So if a preceptor tells me to look for people that have xxx condition it's carte blanche to look up famous people and aquaitnences under the guise that it is training?
See the way you phrased that means that approach is a HIPAA violation - if your intent is to review celebrities/acquaintances under the guise of treatment. On the flip side, if you have a provable chart access history showing you indeed are looking for "propofol" in an emergency department dictation/note and open up Michael Jackson's chart...then that's just happenstance.
It boils down to
mens rea and what's provable and what is not. If you're a CNA on the medical-telemetry floor of the hospital opening charts for ICU patients you don't even see, that's obviously a violation; that same CNA knows their recluse friend (or celebrity) has been admitted to the ICU jostles to get transferred to that unit for some operational reason (maybe the bed next door needs a sitter, and this CNA volunteers way too hard) and THEN opens the chart.... the intent is clear (because I wrote this fictional scenario), but upon review, the chart access appears legitimate.
As a student... I can't prove this one, but if your preceptor orders you to open the chart for Britney Spears and check if the antipsychotic medication was administered this morning, but really they had nothing to do with their treatment and just wanted to peek into their chart, who just violated HIPAA? I say the preceptor...it's no different than someone socially engineering a phone call to an outpatient clinic pretending to be a doctor asking for sensitive information and having the patient's name/DOB (the standard way some clinics verify legitimate providers...which is dumb).

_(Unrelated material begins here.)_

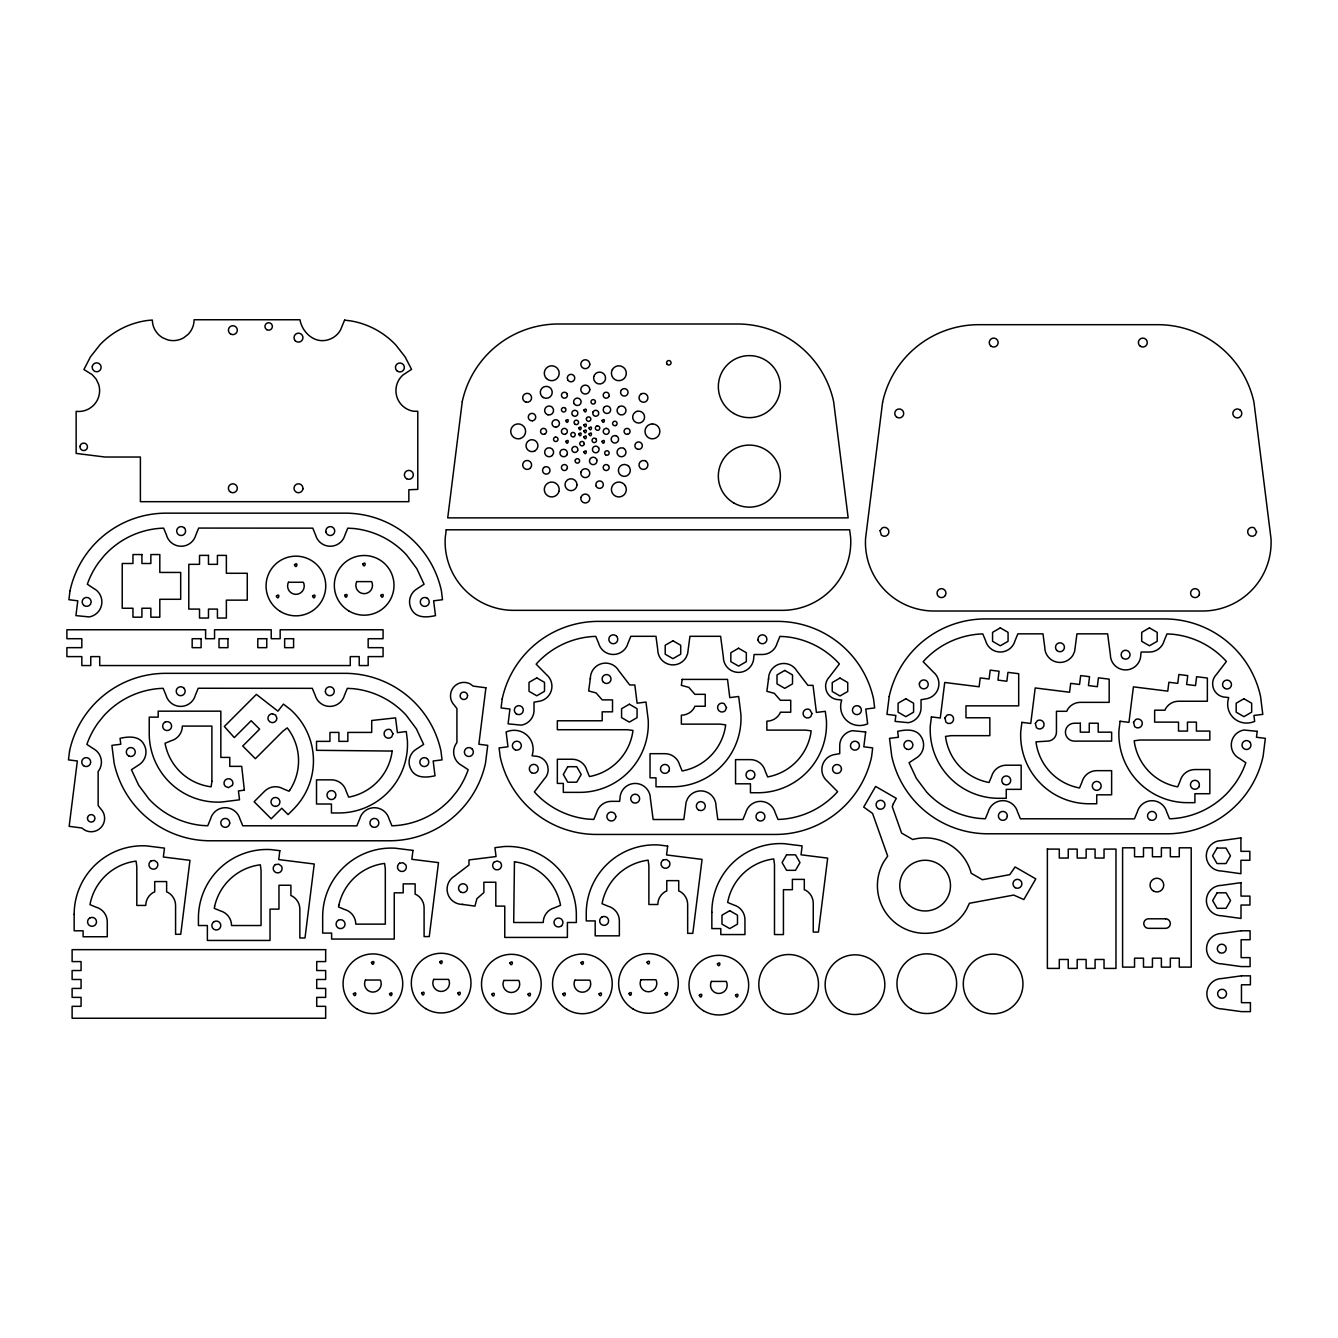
<?xml version="1.0" encoding="UTF-8"?>
<svg xmlns="http://www.w3.org/2000/svg" width="1338" height="1338" viewBox="0 0 1338 1338"><rect width="100%" height="100%" fill="white"/><g stroke="black" fill="none" stroke-linecap="round" stroke-linejoin="round"><path stroke-width="1.5" d="M590.376 678.299L588.653 690.943L596.112 692.95L602.2 699.891L612.52 699.891L612.52 711.833L602.2 711.833L602.2 720.781L557.344 720.781L557.344 729.728L627.405 729.728L632.958 730.448L632.707 732.354A53.687 53.687 0 0 1 591.262 776.191L589.439 776.542L586.947 770.521A15.22 15.22 0 0 0 572.263 759.248L557.344 759.248L557.344 783.416L563.315 783.416L563.315 792.364L579.705 792.364A68.606 68.606 0 0 0 648.211 719.911L645.986 702.065L637.105 703.186L634.831 684.972L629.73 684.972L618.758 670.689A15.22 15.22 0 0 0 590.376 678.299L590.275 679.018M768.564 678.684L766.858 691.328L774.317 693.335L780.389 700.276L790.725 700.276L790.725 712.217L780.389 712.217L779.77 713.706A14.919 14.919 0 0 1 766.858 721.165L766.858 730.113L805.61 730.113L811.163 730.832L810.912 732.739A53.687 53.687 0 0 1 769.467 776.575L767.644 776.926L765.152 770.905A15.22 15.22 0 0 0 750.451 759.633L735.549 759.633L735.549 783.8L750.451 783.8L750.451 792.748L757.91 792.748A68.606 68.606 0 0 0 826.416 720.296L825.295 711.331L816.414 712.435L813.019 685.357L807.918 685.357L796.963 671.074A15.22 15.22 0 0 0 768.564 678.684L768.48 679.403M462.279 904.388L474.923 906.11L476.93 898.651L483.871 892.563L483.871 882.244L495.813 882.244L495.813 906.11L504.761 906.11L504.761 937.42L567.396 937.42L567.396 922.501L576.344 922.501L576.344 915.058A68.606 68.606 0 0 0 503.891 846.553L494.926 847.673L496.047 856.554L468.969 859.933L468.969 865.034L454.669 876.005A15.22 15.22 0 0 0 462.279 904.388L462.998 904.488M1047.37 849.095L1059.295 849.095L1059.295 858.043L1068.242 858.043L1068.242 849.095L1077.19 849.095L1077.19 858.043L1086.138 858.043L1086.138 849.095L1095.086 849.095L1095.086 858.043L1104.034 858.043L1104.034 849.095L1115.976 849.095L1115.976 968.411L1104.034 968.411L1104.034 959.463L1095.086 959.463L1095.086 968.411L1086.138 968.411L1086.138 959.463L1077.19 959.463L1077.19 968.411L1068.242 968.411L1068.242 959.463L1059.295 959.463L1059.295 968.411L1047.37 968.411L1047.37 848.794M74.159 914.389L74.159 930.796L83.107 930.796L83.107 936.751L107.274 936.751L107.274 921.849A15.22 15.22 0 0 0 96.002 907.147L89.981 904.655L90.332 902.832A53.687 53.687 0 0 1 134.168 861.388L136.075 861.137L136.81 866.69L136.81 905.441L145.758 905.441A14.919 14.919 0 0 1 153.201 892.513L154.706 891.911L154.706 881.575L166.631 881.575L166.631 891.911L168.12 892.513A14.919 14.919 0 0 1 175.579 905.441L175.579 934.292L180.747 934.292L189.979 860.334L163.353 857.006L164.457 848.125L146.611 845.884A68.606 68.606 0 0 0 74.159 914.389M711.849 912.198L711.849 928.589L720.797 928.589L720.797 934.56L744.948 934.56L744.948 919.641A15.22 15.22 0 0 0 733.676 904.956L727.671 902.464L728.023 900.641A53.687 53.687 0 0 1 771.842 859.197L773.749 858.946L774.485 864.499L774.485 934.56L783.432 934.56L783.432 889.703L792.38 889.703L792.38 879.384L804.305 879.384L804.305 889.703L805.794 890.322A14.919 14.919 0 0 1 813.253 903.25L813.253 932.084L818.421 932.084L827.67 858.126L801.027 854.798L802.131 845.917L784.285 843.693A68.606 68.606 0 0 0 711.849 912.198M80.063 446.39L80.029 447.31A3.73 3.73 0 0 0 85.465 450.153A3.73 3.73 0 0 0 86.217 444.065A3.73 3.73 0 0 0 80.263 445.47L80.063 446.39M87.539 817.869L87.505 818.806A3.73 3.73 0 0 0 92.941 821.632A3.73 3.73 0 0 0 93.693 815.561A3.73 3.73 0 0 0 87.739 816.966L87.539 817.869M467.564 695.308L467.33 697.148A3.73 3.73 0 0 1 461.376 698.553A3.73 3.73 0 0 1 462.128 692.482A3.73 3.73 0 0 1 467.564 695.308M70.028 590.744L68.907 599.708L77.788 600.812L75.931 615.614L89.178 616.918A15.22 15.22 0 0 0 98.41 611.583L99.48 610.128A15.22 15.22 0 0 0 93.543 588.352L87.338 584.238A83.491 83.491 0 0 1 98.795 562.345L103.979 555.922A83.491 83.491 0 0 1 162.099 528.192L163.621 528.159L166.447 534.999A15.22 15.22 0 0 0 195.833 534.999L198.693 528.075L312.757 528.159L315.584 534.999A15.22 15.22 0 0 0 344.97 534.999L347.796 528.159L353.784 528.51A83.525 83.525 0 0 1 406.518 554.902L416.82 568.65L424.079 584.238L417.138 588.753A15.22 15.22 0 0 0 411.586 609.526C416.386 618.474 427.14 617.437 435.486 615.614L433.629 600.812L442.51 599.708L441.389 590.744A98.427 98.427 0 0 0 345.187 513.156L166.23 513.156A98.427 98.427 0 0 0 70.028 590.744M69.576 750.919L68.455 759.884L77.336 760.988L69.158 826.332L81.953 828.021L84.495 829.961A13.43 13.43 0 0 0 100.701 808.838L98.142 805.509L98.142 771.508L99.029 770.287A15.22 15.22 0 0 0 93.091 748.527L86.886 744.396A83.491 83.491 0 0 1 98.343 722.52L103.528 716.098A83.491 83.491 0 0 1 161.63 688.368L163.152 688.334L165.996 695.158A15.22 15.22 0 0 0 195.381 695.158L198.241 688.25L312.289 688.334L315.132 695.158A15.22 15.22 0 0 0 344.518 695.158L347.345 688.334L353.332 688.685A83.525 83.525 0 0 1 406.066 715.077L416.369 728.825L423.628 744.396L416.687 748.929A15.22 15.22 0 0 0 411.117 769.701C415.917 778.649 426.671 777.612 435.017 775.789L433.178 760.988L442.058 759.884L440.938 750.919A98.427 98.427 0 0 0 344.736 673.332L165.761 673.332A98.427 98.427 0 0 0 69.576 750.919M279.843 850.684L278.739 859.565L314.246 864.014L304.997 937.971L299.846 937.971L299.846 909.121A14.919 14.919 0 0 0 292.386 896.209L290.898 895.59L290.898 885.254L278.973 885.254L278.973 909.121L270.025 909.121L270.025 940.447L207.373 940.447L207.373 925.528L198.425 925.528L198.425 918.069A68.606 68.606 0 0 1 270.878 849.58L279.843 850.684M446.223 529.798L445.219 537.893A68.606 68.606 0 0 0 513.708 610.345L782.161 610.345A68.606 68.606 0 0 0 850.667 537.893L849.647 529.798L446.223 529.798M462.262 401.584L447.728 517.873L848.158 517.873L833.624 401.584A98.427 98.427 0 0 0 737.422 323.997L558.464 323.997A98.427 98.427 0 0 0 462.262 401.584M412.974 850.416L411.853 859.297L438.496 862.625L429.247 936.583L424.096 936.583L424.096 907.733A14.919 14.919 0 0 0 416.636 894.821L415.148 894.202L415.148 883.883L403.206 883.883L403.206 892.831L394.258 892.831L394.258 939.059L331.623 939.059L331.623 933.088L322.675 933.088L322.675 916.681A68.606 68.606 0 0 1 395.128 848.192L412.974 850.416M485.911 687.782L478.853 744.246L487.734 745.366L485.493 763.195A98.427 98.427 0 0 1 389.308 840.782L210.334 840.782A98.427 98.427 0 0 1 114.131 763.195L111.907 745.366L120.788 744.246L120.052 738.325C128.398 736.502 139.152 735.465 143.952 744.413A15.22 15.22 0 0 1 138.383 765.185L131.442 769.718L138.7 785.289L149.003 799.054A83.525 83.525 0 0 0 201.737 825.429L207.725 825.78L210.551 818.956A15.22 15.22 0 0 1 239.937 818.956L242.78 825.78L356.828 825.864L359.688 818.956A15.22 15.22 0 0 1 389.074 818.956L391.917 825.78L393.439 825.747A83.491 83.491 0 0 0 451.542 798.017L456.743 791.594A83.491 83.491 0 0 0 468.183 769.718L461.978 765.587A15.22 15.22 0 0 1 456.041 743.828L456.927 742.607L456.927 708.605L454.385 705.277A13.43 13.43 0 0 1 470.575 684.153L473.117 686.11L485.911 687.782M502.185 698.971L501.064 707.936L509.945 709.04L508.089 723.841L521.335 725.146A15.22 15.22 0 0 0 530.567 719.811L531.638 718.355A15.22 15.22 0 0 0 534.029 709.725L534.029 702.182L538.361 701.413A15.22 15.22 0 0 0 546.406 674.553L536.137 664.15A83.491 83.491 0 0 1 594.256 636.42L595.778 636.386L598.604 643.227A15.22 15.22 0 0 0 627.99 643.227L630.85 636.303L655.971 636.303L657.744 649.716A15.22 15.22 0 0 0 686.126 657.326L687.648 653.663L689.94 636.303L720.613 636.303L723.356 657.175A15.22 15.22 0 0 0 738.576 672.395A15.22 15.22 0 0 0 753.779 657.175L754.147 654.499L762.443 654.499A15.22 15.22 0 0 0 777.127 643.227L779.954 636.386L785.941 636.737A83.525 83.525 0 0 1 838.675 663.13L839.394 663.949L829.527 676.794A13.43 13.43 0 0 0 825.596 686.294L826.048 689.756A13.43 13.43 0 0 0 839.01 699.707L841.702 700.058C836.401 716.834 852.189 730.397 867.643 723.841L865.786 709.04L874.667 707.936L873.547 698.971A98.427 98.427 0 0 0 777.345 621.384L598.387 621.384A98.427 98.427 0 0 0 502.185 698.971M667.662 846.084L666.558 854.949L702.065 859.397L692.816 933.355L687.665 933.355L687.665 904.505A14.919 14.919 0 0 0 680.206 891.593L678.717 890.974L678.717 880.638L666.776 880.638L666.776 890.974L665.287 891.593A14.919 14.919 0 0 0 657.828 904.505L648.88 904.505L648.88 865.77L648.161 860.2L646.254 860.451A53.687 53.687 0 0 0 602.418 901.896L602.067 903.719L608.088 906.211A15.22 15.22 0 0 1 619.36 920.912L619.36 935.831L595.193 935.831L595.193 920.912L586.245 920.912L586.245 913.453A68.606 68.606 0 0 1 658.697 844.964L667.662 846.084M882.595 402.253L865.552 538.578A68.606 68.606 0 0 0 934.041 611.014L1202.494 611.014A68.606 68.606 0 0 0 1271 538.578L1253.957 402.253A98.427 98.427 0 0 0 1157.755 324.682L978.78 324.682A98.427 98.427 0 0 0 882.595 402.253M865.669 731.986L863.813 746.788L872.694 747.909L871.573 756.856A98.427 98.427 0 0 1 775.388 834.444L596.414 834.444A98.427 98.427 0 0 1 500.211 756.856L499.091 747.909L507.972 746.788L506.132 731.986C521.569 725.43 537.374 739.011 532.072 755.769L534.748 756.121A13.43 13.43 0 0 1 547.71 766.072L548.179 769.551A13.43 13.43 0 0 1 544.248 779.034L534.38 791.895L535.083 792.715A83.525 83.525 0 0 0 587.817 819.09L593.804 819.441L596.631 812.618A15.22 15.22 0 0 1 611.332 801.345L619.628 801.345L619.979 798.652A15.22 15.22 0 0 1 635.199 783.432A15.22 15.22 0 0 1 650.402 798.652L653.145 819.525L683.835 819.525L686.11 802.164L687.632 798.502A15.22 15.22 0 0 1 716.031 806.112L717.787 819.525L742.908 819.525L745.768 812.618A15.22 15.22 0 0 1 775.154 812.618L777.997 819.441L779.519 819.408A83.491 83.491 0 0 0 837.621 791.678L827.369 781.275A15.22 15.22 0 0 1 835.414 754.415L839.729 753.645L839.729 746.102A15.22 15.22 0 0 1 842.12 737.489L843.191 736.017A15.22 15.22 0 0 1 852.423 730.682L865.669 731.986M889.201 696.513L886.96 714.358L895.841 715.462L895.105 721.383L908.351 722.687A15.22 15.22 0 0 0 917.584 717.352L918.654 715.897A15.22 15.22 0 0 0 921.046 707.267L921.046 699.724L925.361 698.954A15.22 15.22 0 0 0 933.406 672.094L923.153 661.708A83.491 83.491 0 0 1 981.272 633.961L982.794 633.928L985.621 640.768A15.22 15.22 0 0 0 1015.007 640.768L1017.867 633.844L1042.988 633.844L1044.761 647.258A15.22 15.22 0 0 0 1073.143 654.867L1074.665 651.205L1076.939 633.844L1107.63 633.844L1110.373 654.717A15.22 15.22 0 0 0 1125.592 669.937A15.22 15.22 0 0 0 1140.796 654.717L1141.147 652.041L1149.442 652.041A15.22 15.22 0 0 0 1164.144 640.768L1166.97 633.928L1172.958 634.279A83.525 83.525 0 0 1 1225.692 660.671L1226.394 661.49L1216.543 674.335A13.43 13.43 0 0 0 1212.613 683.835L1213.064 687.297A13.43 13.43 0 0 0 1226.026 697.249L1228.719 697.6C1223.4 714.375 1239.205 727.939 1254.659 721.383L1253.907 715.462L1262.788 714.358L1260.563 696.513A98.427 98.427 0 0 0 1164.361 618.925L985.404 618.925A98.427 98.427 0 0 0 889.201 696.513M931.415 716.9L930.295 725.848A68.606 68.606 0 0 0 998.784 798.301L1006.243 798.301L1006.243 789.353L1021.162 789.353L1021.162 765.202L1006.243 765.202A15.22 15.22 0 0 0 991.558 776.475L989.066 782.479L987.243 782.128A53.687 53.687 0 0 1 945.799 738.292L945.531 736.402L951.101 735.666L989.836 735.666L989.836 717.77L965.986 717.77L965.986 705.845L1018.686 705.845L1018.686 673.7L1007.966 672.362L1006.845 681.226L997.964 680.122L999.085 671.241L990.204 670.137L989.1 679.018L980.219 677.898L979.098 686.779L944.728 682.48L940.296 718.004L931.415 716.9M1021.881 722.353L1020.76 731.317A68.606 68.606 0 0 0 1089.266 803.77L1096.725 803.77L1096.725 794.822L1111.627 794.822L1111.627 770.655L1096.725 770.655A15.22 15.22 0 0 0 1082.024 781.927L1079.532 787.948L1077.709 787.597A53.687 53.687 0 0 1 1036.264 743.761L1036.013 741.854L1047.503 741.118A8.948 8.948 0 0 0 1056.451 732.17L1056.451 711.298L1066.787 711.298L1067.39 709.809A14.919 14.919 0 0 1 1080.318 702.35L1109.169 702.35L1109.169 679.152L1098.431 677.814L1097.327 686.695L1088.446 685.574L1089.55 676.694L1080.669 675.59L1079.565 684.471L1070.684 683.367L1069.58 692.248L1035.211 687.949L1030.762 723.457L1021.881 722.353M1120.09 721.249L1118.969 730.214A68.606 68.606 0 0 0 1187.458 802.666L1194.918 802.666L1194.918 793.718L1209.836 793.718L1209.836 769.551L1194.918 769.551A15.22 15.22 0 0 0 1180.216 780.823L1177.724 786.844L1175.901 786.493A53.687 53.687 0 0 1 1134.457 742.657L1134.206 740.767L1139.775 740.031L1209.836 740.031L1209.836 731.083L1196.406 731.083L1196.406 722.135L1187.458 722.135L1187.458 731.083L1178.51 731.083L1178.51 722.135L1154.644 722.135L1154.644 710.194L1164.98 710.194L1165.599 708.705A14.919 14.919 0 0 1 1178.51 701.246L1207.361 701.246L1207.361 678.048L1196.624 676.71L1195.52 685.591L1186.639 684.487L1187.743 675.606L1178.862 674.503L1177.758 683.367L1168.877 682.263L1167.773 691.144L1133.403 686.846L1128.954 722.369L1120.09 721.249M1257.202 731.334L1256.466 737.255L1265.347 738.359L1263.122 756.204A98.427 98.427 0 0 1 1166.92 833.791L987.946 833.791A98.427 98.427 0 0 1 891.744 756.204L889.519 738.359L898.4 737.255L897.664 731.334C906.01 729.494 916.764 728.474 921.564 737.405A15.22 15.22 0 0 1 915.995 758.194L909.071 762.71L916.313 778.298L926.615 792.046A83.525 83.525 0 0 0 979.349 818.421L985.337 818.789L988.163 811.949A15.22 15.22 0 0 1 1017.566 811.949L1020.392 818.789L1134.44 818.873L1137.317 811.949A15.22 15.22 0 0 1 1166.703 811.949L1169.529 818.789L1171.051 818.739A83.491 83.491 0 0 0 1229.154 791.009L1234.355 784.586A83.491 83.491 0 0 0 1245.812 762.71L1239.607 758.579A15.22 15.22 0 0 1 1233.669 736.82L1234.723 735.348A15.22 15.22 0 0 1 1243.955 730.013L1257.202 731.334M92.355 366.144L92.205 367.298A4.482 4.482 0 0 0 98.56 371.362A4.482 4.482 0 0 0 99.547 363.869A4.482 4.482 0 0 0 92.355 366.144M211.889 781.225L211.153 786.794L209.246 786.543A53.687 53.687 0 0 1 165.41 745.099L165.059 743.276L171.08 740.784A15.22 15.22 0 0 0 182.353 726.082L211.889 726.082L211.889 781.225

And last (I promise this post will end)...as pharmacists, even as clin specs, we often cross-verify medication orders throughout the whole hospital (and at some places, remote institutions). It's much more difficult to prove that an individual was targeting certain charts, given the volume of orders in an institution and the potential that every pharmacist "treats" that patient.
I've worked with night shift pharmacists who, at about 3-4am when it's slow, go through EVERY single patient in the hospital to check for errors and duplications/appropriateness of therapy. That's a legitimate operational use, but if a nefarious individual knew this and was targeting a patient in bed #19 out of a 30 bed unit, they can theoretically cloak themselves under the "operational" disguise and review charts 1-30.
Just...stick to your institution's protocols and procedures, and you'll be fine. It's deviations that get scrutinized.